The new initiative features a dual-model approach: Gemini Robotics 1.5 and Gemini Robotics-ER 1.5. Gemini Robotics 1.5 is described as a vision-language-action (VLA) model that translates visual information and instructions into motor commands for robots. Its counterpart, Gemini Robotics-ER 1.5, is a vision-language model (VLM) focused on embodied reasoning, excelling at planning, making logical decisions within physical environments, and natively calling digital tools like Google Search.

A key advancement highlighted is the models' ability to "think before acting," allowing robots to generate internal reasoning sequences to tackle semantically complex tasks. This enables them to break down longer tasks into simpler segments and generalize learning across different robot embodiments, accelerating skill acquisition. For instance, tasks learned on one robot can be transferred to others, regardless of their physical form.

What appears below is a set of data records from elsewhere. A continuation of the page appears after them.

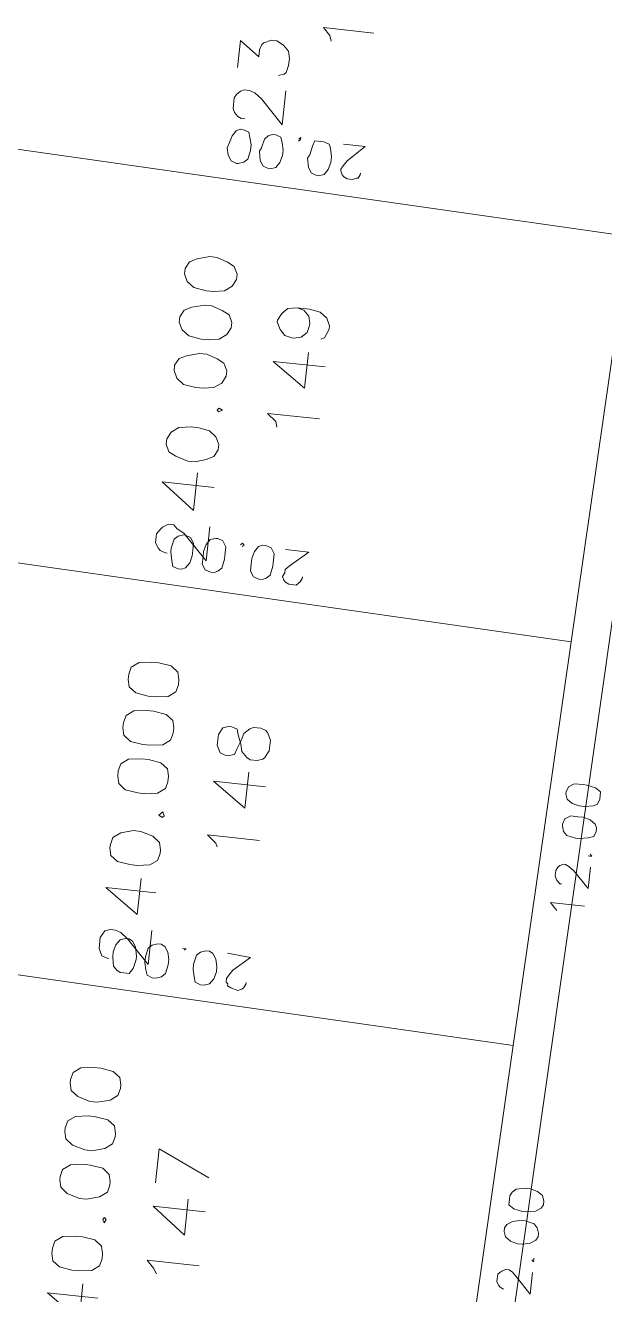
# Model space of a CAD drawing. Header units: metres. Extents: x -977055 to 805873, y -1033982 to 242021.
# Drawn here: x 2502.61 to 2519.67, y 827.98 to 865.4 of the extents above; entities that cross this region are included whole.
import ezdxf

# ---------------------------------------------------------------- set-up
doc = ezdxf.new("R2010")
doc.units = ezdxf.units.M
for name, color, linetype in [('PDF_acera', 7, 'Continuous'), ('PDF_areas por lote', 7, 'Continuous'), ('PDF_COTAS', 7, 'Continuous'), ('PDF_LOTES', 7, 'Continuous'), ('PDF_No. lotes', 7, 'Continuous')]:
    doc.layers.add(name, color=color, linetype=linetype)

# ---------------------------------------------------------------- blocks, each defined once
blk = doc.blocks.new('CALLE')
at = {"layer": 'PDF_acera', "lineweight": 9}
blk.add_lwpolyline([(-139.031424, -91.826784), (-137.676672, -90.556704), (-136.618272, -59.439744), (-137.888352, -58.084992), (-293.684832, -52.750656), (-245.083104, -88.185888)], close=True, dxfattribs=at)
at = {"layer": 'PDF_areas por lote', "lineweight": 9}
for points in [[(-174.297312, -80.904096), (-174.297312, -79.718688), (-174.84768, -80.523072), (-174.00096, -80.523072)], [(-166.338144, -80.311392), (-166.338144, -80.269056), (-166.295808, -80.142048), (-166.211136, -80.099712), (-166.126464, -80.057376), (-165.872448, -80.057376), (-165.787776, -80.099712), (-165.703104, -80.142048), (-165.660768, -80.269056), (-165.660768, -80.396064), (-165.703104, -80.523072), (-165.830112, -80.692416), (-166.38048, -81.242784), (-165.576096, -81.242784)], [(-164.68704, -81.242784), (-164.68704, -80.057376), (-165.237408, -80.86176), (-164.390688, -80.86176)], [(-156.727872, -80.65008), (-156.727872, -80.607744), (-156.685536, -80.480736), (-156.6432, -80.4384), (-156.516192, -80.353728), (-156.304512, -80.353728), (-156.177504, -80.4384), (-156.135168, -80.480736), (-156.050496, -80.607744), (-156.050496, -80.734752), (-156.135168, -80.819424), (-156.21984, -80.988768), (-156.812544, -81.581472), (-156.00816, -81.581472)], [(-155.076768, -81.581472), (-155.076768, -80.353728), (-155.669472, -81.158112), (-154.780416, -81.158112)], [(-146.397888, -81.369792), (-146.397888, -81.28512), (-146.355552, -81.200448), (-146.27088, -81.115776), (-146.186208, -81.07344), (-145.932192, -81.07344), (-145.84752, -81.115776), (-145.762848, -81.200448), (-145.720512, -81.28512), (-145.720512, -81.412128), (-145.762848, -81.539136), (-145.889856, -81.70848), (-146.440224, -82.258848), (-145.63584, -82.258848)], [(-145.21248, -81.07344), (-144.57744, -81.07344), (-144.916128, -81.539136), (-144.746784, -81.539136), (-144.619776, -81.581472), (-144.57744, -81.623808), (-144.492768, -81.793152), (-144.492768, -81.92016), (-144.57744, -82.089504), (-144.704448, -82.216512), (-144.873792, -82.258848), (-145.043136, -82.258848), (-145.21248, -82.216512), (-145.254816, -82.174176), (-145.297152, -82.047168)]]:
    blk.add_lwpolyline(points, dxfattribs=at)
for points in [[(-173.36592, -79.718688), (-173.535264, -79.761024), (-173.662272, -79.930368), (-173.704608, -80.22672), (-173.704608, -80.396064), (-173.662272, -80.692416), (-173.535264, -80.86176), (-173.36592, -80.904096), (-173.238912, -80.904096), (-173.069568, -80.86176), (-172.94256, -80.692416), (-172.900224, -80.396064), (-172.900224, -80.22672), (-172.94256, -79.930368), (-173.069568, -79.761024), (-173.238912, -79.718688)], [(-171.630144, -79.718688), (-171.799488, -79.761024), (-171.926496, -79.930368), (-172.011168, -80.22672), (-172.011168, -80.396064), (-171.926496, -80.692416), (-171.799488, -80.86176), (-171.630144, -80.904096), (-171.545472, -80.904096), (-171.376128, -80.86176), (-171.24912, -80.692416), (-171.206784, -80.396064), (-171.206784, -80.22672), (-171.24912, -79.930368), (-171.376128, -79.761024), (-171.545472, -79.718688)], [(-170.487072, -79.718688), (-170.656416, -79.761024), (-170.783424, -79.930368), (-170.868096, -80.22672), (-170.868096, -80.396064), (-170.783424, -80.692416), (-170.656416, -80.86176), (-170.487072, -80.904096), (-170.4024, -80.904096), (-170.233056, -80.86176), (-170.106048, -80.692416), (-170.063712, -80.396064), (-170.063712, -80.22672), (-170.106048, -79.930368), (-170.233056, -79.761024), (-170.4024, -79.718688)], [(-169.344, -79.718688), (-169.513344, -79.761024), (-169.640352, -79.930368), (-169.725024, -80.22672), (-169.725024, -80.396064), (-169.640352, -80.692416), (-169.513344, -80.86176), (-169.344, -80.904096), (-169.259328, -80.904096), (-169.089984, -80.86176), (-168.962976, -80.692416), (-168.92064, -80.396064), (-168.92064, -80.22672), (-168.962976, -79.930368), (-169.089984, -79.761024), (-169.259328, -79.718688)], [(-163.755648, -80.057376), (-163.924992, -80.099712), (-164.052, -80.269056), (-164.094336, -80.565408), (-164.094336, -80.734752), (-164.052, -81.031104), (-163.924992, -81.200448), (-163.755648, -81.242784), (-163.670976, -81.242784), (-163.501632, -81.200448), (-163.374624, -81.031104), (-163.289952, -80.734752), (-163.289952, -80.565408), (-163.374624, -80.269056), (-163.501632, -80.099712), (-163.670976, -80.057376)], [(-162.062208, -80.057376), (-162.231552, -80.099712), (-162.35856, -80.269056), (-162.400896, -80.565408), (-162.400896, -80.734752), (-162.35856, -81.031104), (-162.231552, -81.200448), (-162.062208, -81.242784), (-161.9352, -81.242784), (-161.765856, -81.200448), (-161.638848, -81.031104), (-161.596512, -80.734752), (-161.596512, -80.565408), (-161.638848, -80.269056), (-161.765856, -80.099712), (-161.9352, -80.057376)], [(-160.919136, -80.057376), (-161.08848, -80.099712), (-161.215488, -80.269056), (-161.257824, -80.565408), (-161.257824, -80.734752), (-161.215488, -81.031104), (-161.08848, -81.200448), (-160.919136, -81.242784), (-160.792128, -81.242784), (-160.622784, -81.200448), (-160.495776, -81.031104), (-160.45344, -80.734752), (-160.45344, -80.565408), (-160.495776, -80.269056), (-160.622784, -80.099712), (-160.792128, -80.057376)], [(-159.776064, -80.057376), (-159.945408, -80.099712), (-160.072416, -80.269056), (-160.114752, -80.565408), (-160.114752, -80.734752), (-160.072416, -81.031104), (-159.945408, -81.200448), (-159.776064, -81.242784), (-159.649056, -81.242784), (-159.479712, -81.200448), (-159.352704, -81.031104), (-159.310368, -80.734752), (-159.310368, -80.565408), (-159.352704, -80.269056), (-159.479712, -80.099712), (-159.649056, -80.057376)], [(-154.187712, -80.353728), (-154.357056, -80.4384), (-154.441728, -80.607744), (-154.5264, -80.904096), (-154.5264, -81.07344), (-154.441728, -81.327456), (-154.357056, -81.4968), (-154.187712, -81.581472), (-154.060704, -81.581472), (-153.89136, -81.4968), (-153.764352, -81.327456), (-153.722016, -81.07344), (-153.722016, -80.904096), (-153.764352, -80.607744), (-153.89136, -80.4384), (-154.060704, -80.353728)], [(-152.451936, -80.353728), (-152.62128, -80.4384), (-152.748288, -80.607744), (-152.790624, -80.904096), (-152.790624, -81.07344), (-152.748288, -81.327456), (-152.62128, -81.4968), (-152.451936, -81.581472), (-152.324928, -81.581472), (-152.155584, -81.4968), (-152.070912, -81.327456), (-151.98624, -81.07344), (-151.98624, -80.904096), (-152.070912, -80.607744), (-152.155584, -80.4384), (-152.324928, -80.353728)], [(-151.308864, -80.353728), (-151.478208, -80.4384), (-151.605216, -80.607744), (-151.647552, -80.904096), (-151.647552, -81.07344), (-151.605216, -81.327456), (-151.478208, -81.4968), (-151.308864, -81.581472), (-151.181856, -81.581472), (-151.012512, -81.4968), (-150.92784, -81.327456), (-150.843168, -81.07344), (-150.843168, -80.904096), (-150.92784, -80.607744), (-151.012512, -80.4384), (-151.181856, -80.353728)], [(-150.165792, -80.353728), (-150.335136, -80.4384), (-150.462144, -80.607744), (-150.50448, -80.904096), (-150.50448, -81.07344), (-150.462144, -81.327456), (-150.335136, -81.4968), (-150.165792, -81.581472), (-150.038784, -81.581472), (-149.86944, -81.4968), (-149.784768, -81.327456), (-149.700096, -81.07344), (-149.700096, -80.904096), (-149.784768, -80.607744), (-149.86944, -80.4384), (-150.038784, -80.353728)], [(-172.434528, -80.819424), (-172.5192, -80.86176), (-172.434528, -80.904096), (-172.392192, -80.86176)], [(-162.866592, -81.115776), (-162.908928, -81.200448), (-162.866592, -81.242784), (-162.78192, -81.200448)], [(-153.25632, -81.454464), (-153.298656, -81.4968), (-153.25632, -81.581472), (-153.213984, -81.4968)]]:
    blk.add_lwpolyline(points, close=True, dxfattribs=at)
at = {"layer": 'PDF_COTAS', "lineweight": 9}
for points in [[(-166.634496, -80.692416), (-166.634496, -80.819424), (-166.507488, -80.904096), (-166.295808, -80.946432), (-166.211136, -80.946432), (-165.999456, -80.904096), (-165.872448, -80.819424), (-165.830112, -80.734752), (-165.830112, -80.65008), (-165.872448, -80.523072), (-165.999456, -80.4384), (-166.1688, -80.396064), (-166.295808, -80.396064), (-166.507488, -80.4384), (-166.59216, -80.523072), (-166.634496, -80.607744)], [(-166.634496, -80.692416), (-166.634496, -80.819424), (-166.507488, -80.904096), (-166.295808, -80.946432), (-166.211136, -80.946432), (-165.999456, -80.904096), (-165.872448, -80.819424), (-165.830112, -80.734752), (-165.830112, -80.65008), (-165.872448, -80.523072), (-165.999456, -80.4384), (-166.1688, -80.396064), (-166.295808, -80.396064), (-166.507488, -80.4384), (-166.59216, -80.523072), (-166.634496, -80.607744)], [(-157.06656, -81.031104), (-157.024224, -81.115776), (-156.897216, -81.200448), (-156.727872, -81.242784), (-156.600864, -81.242784), (-156.43152, -81.242784), (-156.304512, -81.158112), (-156.262176, -81.031104), (-156.262176, -80.988768), (-156.304512, -80.86176), (-156.389184, -80.777088), (-156.600864, -80.734752), (-156.685536, -80.734752), (-156.897216, -80.777088), (-157.024224, -80.819424), (-157.06656, -80.946432)], [(-157.06656, -81.031104), (-157.024224, -81.115776), (-156.897216, -81.200448), (-156.727872, -81.242784), (-156.600864, -81.242784), (-156.43152, -81.242784), (-156.304512, -81.158112), (-156.262176, -81.031104), (-156.262176, -80.988768), (-156.304512, -80.86176), (-156.389184, -80.777088), (-156.600864, -80.734752), (-156.685536, -80.734752), (-156.897216, -80.777088), (-157.024224, -80.819424), (-157.06656, -80.946432)], [(-147.456288, -81.327456), (-147.413952, -81.454464), (-147.32928, -81.539136), (-147.1176, -81.581472), (-146.990592, -81.581472), (-146.821248, -81.539136), (-146.69424, -81.4968), (-146.651904, -81.369792), (-146.651904, -81.28512), (-146.69424, -81.200448), (-146.821248, -81.115776), (-146.990592, -81.07344), (-147.1176, -81.031104), (-147.286944, -81.07344), (-147.413952, -81.158112), (-147.456288, -81.28512)], [(-147.456288, -81.327456), (-147.413952, -81.454464), (-147.32928, -81.539136), (-147.1176, -81.581472), (-146.990592, -81.581472), (-146.821248, -81.539136), (-146.69424, -81.4968), (-146.651904, -81.369792), (-146.651904, -81.28512), (-146.69424, -81.200448), (-146.821248, -81.115776), (-146.990592, -81.07344), (-147.1176, -81.031104), (-147.286944, -81.07344), (-147.413952, -81.158112), (-147.456288, -81.28512)], [(-166.676832, -81.454464), (-166.634496, -81.581472), (-166.549824, -81.666144), (-166.338144, -81.70848), (-166.211136, -81.70848), (-166.041792, -81.666144), (-165.914784, -81.581472), (-165.872448, -81.4968), (-165.872448, -81.412128), (-165.914784, -81.28512), (-165.999456, -81.200448), (-166.211136, -81.158112), (-166.338144, -81.158112), (-166.507488, -81.200448), (-166.634496, -81.242784), (-166.676832, -81.369792)], [(-166.676832, -81.454464), (-166.634496, -81.581472), (-166.549824, -81.666144), (-166.338144, -81.70848), (-166.211136, -81.70848), (-166.041792, -81.666144), (-165.914784, -81.581472), (-165.872448, -81.4968), (-165.872448, -81.412128), (-165.914784, -81.28512), (-165.999456, -81.200448), (-166.211136, -81.158112), (-166.338144, -81.158112), (-166.507488, -81.200448), (-166.634496, -81.242784), (-166.676832, -81.369792)], [(-157.06656, -81.793152), (-157.024224, -81.877824), (-156.939552, -81.962496), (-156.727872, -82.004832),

Google DeepMind emphasized that Gemini Robotics-ER 1.5 is now available to developers via the Gemini API in Google AI Studio, while Gemini Robotics 1.5 is accessible to select partners and through a trusted tester program. These models are expected to enhance robot usability by allowing natural language commands and increasing autonomy in open-ended environments. The company also stressed its commitment to safety, implementing a holistic approach through its Responsibility & Safety Council to ensure responsible deployment in human-centric settings.